How does he feel when you turn your back on him to go be with these other people? Does he feel loved when you eventually come back home from your private dates from which he is excluded?

I'm not trying to attack you, but I am trying to understand how he can accept you having intimate relationships with others while he only is allowed the time with you that you give to him. Put another way, you are is priority awhile he is just one of our options. Do you honestly respect him?
_Posted via Mobile Device_


----------



## Whattodowiththis (Sep 18, 2011)

My husband encourages it. Tells me to do it. I dont insist on it and have offered many times to not do anything with other women. I dont neglect him for others. And hes turned on when I come back. I dont lie...I dont hide anything...If one wants to think I dont respect him because I enjoy something he actually does encourage then so be it. I can definately see how it could be viewed by someone else not a party to our relationship. Its not like Im hooking up with random women every week. Once every month or second month there is one woman I see.

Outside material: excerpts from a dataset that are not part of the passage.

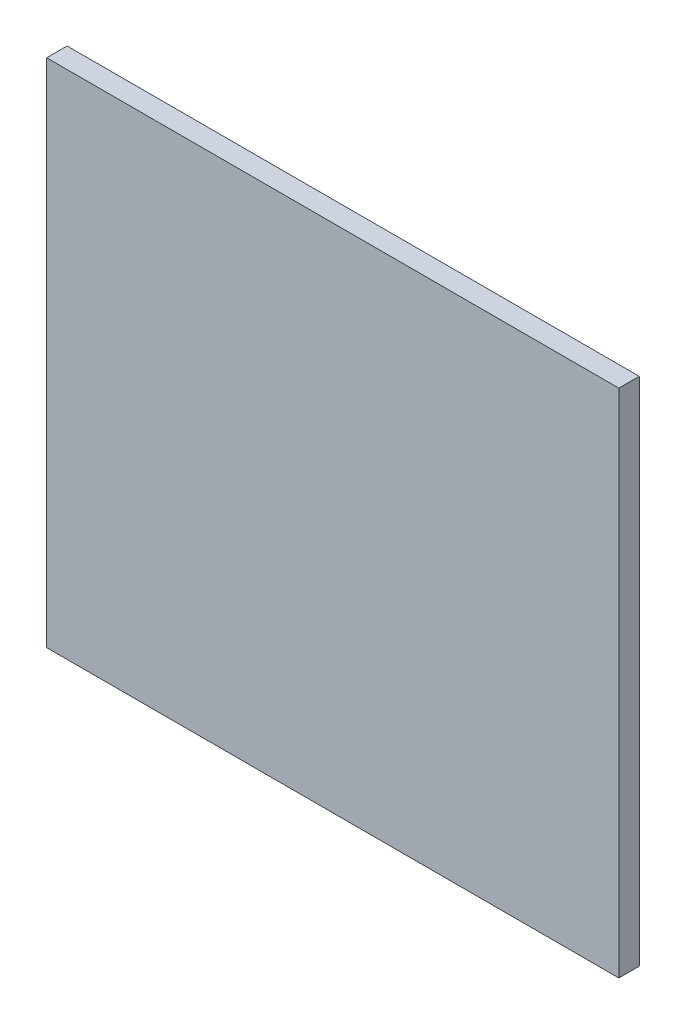
ISO-10303-21;
HEADER;
FILE_DESCRIPTION(('STEP AP214'),'2;1');
FILE_NAME('part.step','',(''),(''),'','','');
FILE_SCHEMA(('AUTOMOTIVE_DESIGN { 1 0 10303 214 1 1 1 1 }'));
ENDSEC;
DATA;
#1=APPLICATION_CONTEXT('core data for automotive mechanical design processes');
#2=APPLICATION_PROTOCOL_DEFINITION('international standard','automotive_design',2000,#1);
#3=PRODUCT_CONTEXT('',#1,'mechanical');
#4=PRODUCT('Part','Part','',(#3));
#5=PRODUCT_RELATED_PRODUCT_CATEGORY('part','',(#4));
#6=PRODUCT_DEFINITION_FORMATION('','',#4);
#7=PRODUCT_DEFINITION_CONTEXT('part definition',#1,'design');
#8=PRODUCT_DEFINITION('design','',#6,#7);
#9=PRODUCT_DEFINITION_SHAPE('','',#8);
#10=(LENGTH_UNIT() NAMED_UNIT(*) SI_UNIT(.MILLI.,.METRE.));
#11=(NAMED_UNIT(*) PLANE_ANGLE_UNIT() SI_UNIT($,.RADIAN.));
#12=(NAMED_UNIT(*) SI_UNIT($,.STERADIAN.) SOLID_ANGLE_UNIT());
#13=UNCERTAINTY_MEASURE_WITH_UNIT(LENGTH_MEASURE(1.E-05),#10,'distance_accuracy_value','');
#14=(GEOMETRIC_REPRESENTATION_CONTEXT(3) GLOBAL_UNCERTAINTY_ASSIGNED_CONTEXT((#13)) GLOBAL_UNIT_ASSIGNED_CONTEXT((#10,
#11,#12)) REPRESENTATION_CONTEXT('',''));
#15=CARTESIAN_POINT('',(0.,0.,0.));
#16=DIRECTION('',(0.,0.,1.));
#17=DIRECTION('',(1.,0.,0.));
#18=AXIS2_PLACEMENT_3D('',#15,#16,#17);
#19=CARTESIAN_POINT('',(88.9,-79.375,6.35));
#20=DIRECTION('',(-1.,0.,0.));
#21=DIRECTION('',(0.,0.,1.));
#22=AXIS2_PLACEMENT_3D('',#19,#20,#21);
#23=PLANE('',#22);
#24=DIRECTION('',(0.,1.,0.));
#25=VECTOR('',#24,1.);
#26=CARTESIAN_POINT('',(88.9,-79.375,0.));
#27=LINE('',#26,#25);
#28=CARTESIAN_POINT('',(88.9,-79.375,0.));
#29=VERTEX_POINT('',#28);
#30=CARTESIAN_POINT('',(88.9,79.375,0.));
#31=VERTEX_POINT('',#30);
#32=EDGE_CURVE('E96',#29,#31,#27,.T.);
#33=ORIENTED_EDGE('',*,*,#32,.T.);
#34=DIRECTION('',(0.,0.,-1.));
#35=VECTOR('',#34,1.);
#36=CARTESIAN_POINT('',(88.9,79.375,6.35));
#37=LINE('',#36,#35);
#38=CARTESIAN_POINT('',(88.9,79.375,6.35));
#39=VERTEX_POINT('',#38);
#40=EDGE_CURVE('E11',#39,#31,#37,.T.);
#41=ORIENTED_EDGE('',*,*,#40,.F.);
#42=DIRECTION('',(0.,1.,0.));
#43=VECTOR('',#42,1.);
#44=CARTESIAN_POINT('',(88.9,-79.375,6.35));
#45=LINE('',#44,#43);
#46=CARTESIAN_POINT('',(88.9,-79.375,6.35));
#47=VERTEX_POINT('',#46);
#48=EDGE_CURVE('E84',#47,#39,#45,.T.);
#49=ORIENTED_EDGE('',*,*,#48,.F.);
#50=DIRECTION('',(0.,0.,-1.));
#51=VECTOR('',#50,1.);
#52=CARTESIAN_POINT('',(88.9,-79.375,6.35));
#53=LINE('',#52,#51);
#54=EDGE_CURVE('E92',#47,#29,#53,.T.);
#55=ORIENTED_EDGE('',*,*,#54,.T.);
#56=EDGE_LOOP('',(#33,#41,#49,#55));
#57=FACE_BOUND('',#56,.T.);
#58=ADVANCED_FACE('F33',(#57),#23,.F.);
#59=CARTESIAN_POINT('',(-88.9,79.375,6.35));
#60=DIRECTION('',(0.,-1.,0.));
#61=DIRECTION('',(0.,0.,-1.));
#62=AXIS2_PLACEMENT_3D('',#59,#60,#61);
#63=PLANE('',#62);
#64=DIRECTION('',(-1.,0.,0.));
#65=VECTOR('',#64,1.);
#66=CARTESIAN_POINT('',(-88.9,79.375,0.));
#67=LINE('',#66,#65);
#68=CARTESIAN_POINT('',(-88.9,79.375,0.));
#69=VERTEX_POINT('',#68);
#70=EDGE_CURVE('E88',#31,#69,#67,.T.);
#71=ORIENTED_EDGE('',*,*,#70,.T.);
#72=DIRECTION('',(0.,0.,-1.));
#73=VECTOR('',#72,1.);
#74=CARTESIAN_POINT('',(-88.9,79.375,6.35));
#75=LINE('',#74,#73);
#76=CARTESIAN_POINT('',(-88.9,79.375,6.35));
#77=VERTEX_POINT('',#76);
#78=EDGE_CURVE('E41',#77,#69,#75,.T.);
#79=ORIENTED_EDGE('',*,*,#78,.F.);
#80=DIRECTION('',(-1.,0.,0.));
#81=VECTOR('',#80,1.);
#82=CARTESIAN_POINT('',(-88.9,79.375,6.35));
#83=LINE('',#82,#81);
#84=EDGE_CURVE('E79',#39,#77,#83,.T.);
#85=ORIENTED_EDGE('',*,*,#84,.F.);
#86=ORIENTED_EDGE('',*,*,#40,.T.);
#87=EDGE_LOOP('',(#71,#79,#85,#86));
#88=FACE_BOUND('',#87,.T.);
#89=ADVANCED_FACE('F87',(#88),#63,.F.);
#90=CARTESIAN_POINT('',(-88.9,-79.375,6.35));
#91=DIRECTION('',(1.,0.,0.));
#92=DIRECTION('',(0.,0.,-1.));
#93=AXIS2_PLACEMENT_3D('',#90,#91,#92);
#94=PLANE('',#93);
#95=DIRECTION('',(0.,-1.,0.));
#96=VECTOR('',#95,1.);
#97=CARTESIAN_POINT('',(-88.9,-79.375,0.));
#98=LINE('',#97,#96);
#99=CARTESIAN_POINT('',(-88.9,-79.375,0.));
#100=VERTEX_POINT('',#99);
#101=EDGE_CURVE('E66',#69,#100,#98,.T.);
#102=ORIENTED_EDGE('',*,*,#101,.T.);
#103=DIRECTION('',(0.,0.,-1.));
#104=VECTOR('',#103,1.);
#105=CARTESIAN_POINT('',(-88.9,-79.375,6.35));
#106=LINE('',#105,#104);
#107=CARTESIAN_POINT('',(-88.9,-79.375,6.35));
#108=VERTEX_POINT('',#107);
#109=EDGE_CURVE('E89',#108,#100,#106,.T.);
#110=ORIENTED_EDGE('',*,*,#109,.F.);
#111=DIRECTION('',(0.,-1.,0.));
#112=VECTOR('',#111,1.);
#113=CARTESIAN_POINT('',(-88.9,-79.375,6.35));
#114=LINE('',#113,#112);
#115=EDGE_CURVE('E82',#77,#108,#114,.T.);
#116=ORIENTED_EDGE('',*,*,#115,.F.);
#117=ORIENTED_EDGE('',*,*,#78,.T.);
#118=EDGE_LOOP('',(#102,#110,#116,#117));
#119=FACE_BOUND('',#118,.T.);
#120=ADVANCED_FACE('F90',(#119),#94,.F.);
#121=CARTESIAN_POINT('',(-88.9,-79.375,6.35));
#122=DIRECTION('',(0.,1.,0.));
#123=DIRECTION('',(0.,0.,1.));
#124=AXIS2_PLACEMENT_3D('',#121,#122,#123);
#125=PLANE('',#124);
#126=DIRECTION('',(1.,0.,0.));
#127=VECTOR('',#126,1.);
#128=CARTESIAN_POINT('',(-88.9,-79.375,0.));
#129=LINE('',#128,#127);
#130=EDGE_CURVE('E72',#100,#29,#129,.T.);
#131=ORIENTED_EDGE('',*,*,#130,.T.);
#132=ORIENTED_EDGE('',*,*,#54,.F.);
#133=DIRECTION('',(1.,0.,0.));
#134=VECTOR('',#133,1.);
#135=CARTESIAN_POINT('',(-88.9,-79.375,6.35));
#136=LINE('',#135,#134);
#137=EDGE_CURVE('E49',#108,#47,#136,.T.);
#138=ORIENTED_EDGE('',*,*,#137,.F.);
#139=ORIENTED_EDGE('',*,*,#109,.T.);
#140=EDGE_LOOP('',(#131,#132,#138,#139));
#141=FACE_BOUND('',#140,.T.);
#142=ADVANCED_FACE('F103',(#141),#125,.F.);
#143=CARTESIAN_POINT('',(0.,0.,6.35));
#144=DIRECTION('',(0.,0.,-1.));
#145=DIRECTION('',(-1.,0.,0.));
#146=AXIS2_PLACEMENT_3D('',#143,#144,#145);
#147=PLANE('',#146);
#148=ORIENTED_EDGE('',*,*,#48,.T.);
#149=ORIENTED_EDGE('',*,*,#84,.T.);
#150=ORIENTED_EDGE('',*,*,#115,.T.);
#151=ORIENTED_EDGE('',*,*,#137,.T.);
#152=EDGE_LOOP('',(#148,#149,#150,#151));
#153=FACE_BOUND('',#152,.T.);
#154=ADVANCED_FACE('F80',(#153),#147,.F.);
#155=CARTESIAN_POINT('',(0.,0.,0.));
#156=DIRECTION('',(0.,0.,-1.));
#157=DIRECTION('',(-1.,0.,0.));
#158=AXIS2_PLACEMENT_3D('',#155,#156,#157);
#159=PLANE('',#158);
#160=ORIENTED_EDGE('',*,*,#32,.F.);
#161=ORIENTED_EDGE('',*,*,#130,.F.);
#162=ORIENTED_EDGE('',*,*,#101,.F.);
#163=ORIENTED_EDGE('',*,*,#70,.F.);
#164=EDGE_LOOP('',(#160,#161,#162,#163));
#165=FACE_BOUND('',#164,.T.);
#166=ADVANCED_FACE('F106',(#165),#159,.T.);
#167=CLOSED_SHELL('',(#58,#89,#120,#142,#154,#166));
#168=MANIFOLD_SOLID_BREP('B2',#167);
#169=ADVANCED_BREP_SHAPE_REPRESENTATION('',(#18,#168),#14);
#170=SHAPE_DEFINITION_REPRESENTATION(#9,#169);
ENDSEC;
END-ISO-10303-21;

Before any of this ever occurred I made it clear there is no chance I would find it acceptable for him to do anything outside of our relationship. I made it clear it wouldnt open the door for possibilty to him. I made it clear if he didnt want me to I wouldnt. I feel this is one topic we have always been able to be very open on. It is ehat it is. I dont need it to be happy. I wouldnt be terribly upset without it. Its fun. Thats all.
_Posted via Mobile Device_


----------



## Whattodowiththis (Sep 18, 2011)

I really did not want to high jack this thread...just wanted to add another perspective...thought ppl were being a lil rough on HelloGoodbye. She was looking input. I just wanted to add mine.
_Posted via Mobile Device_


----------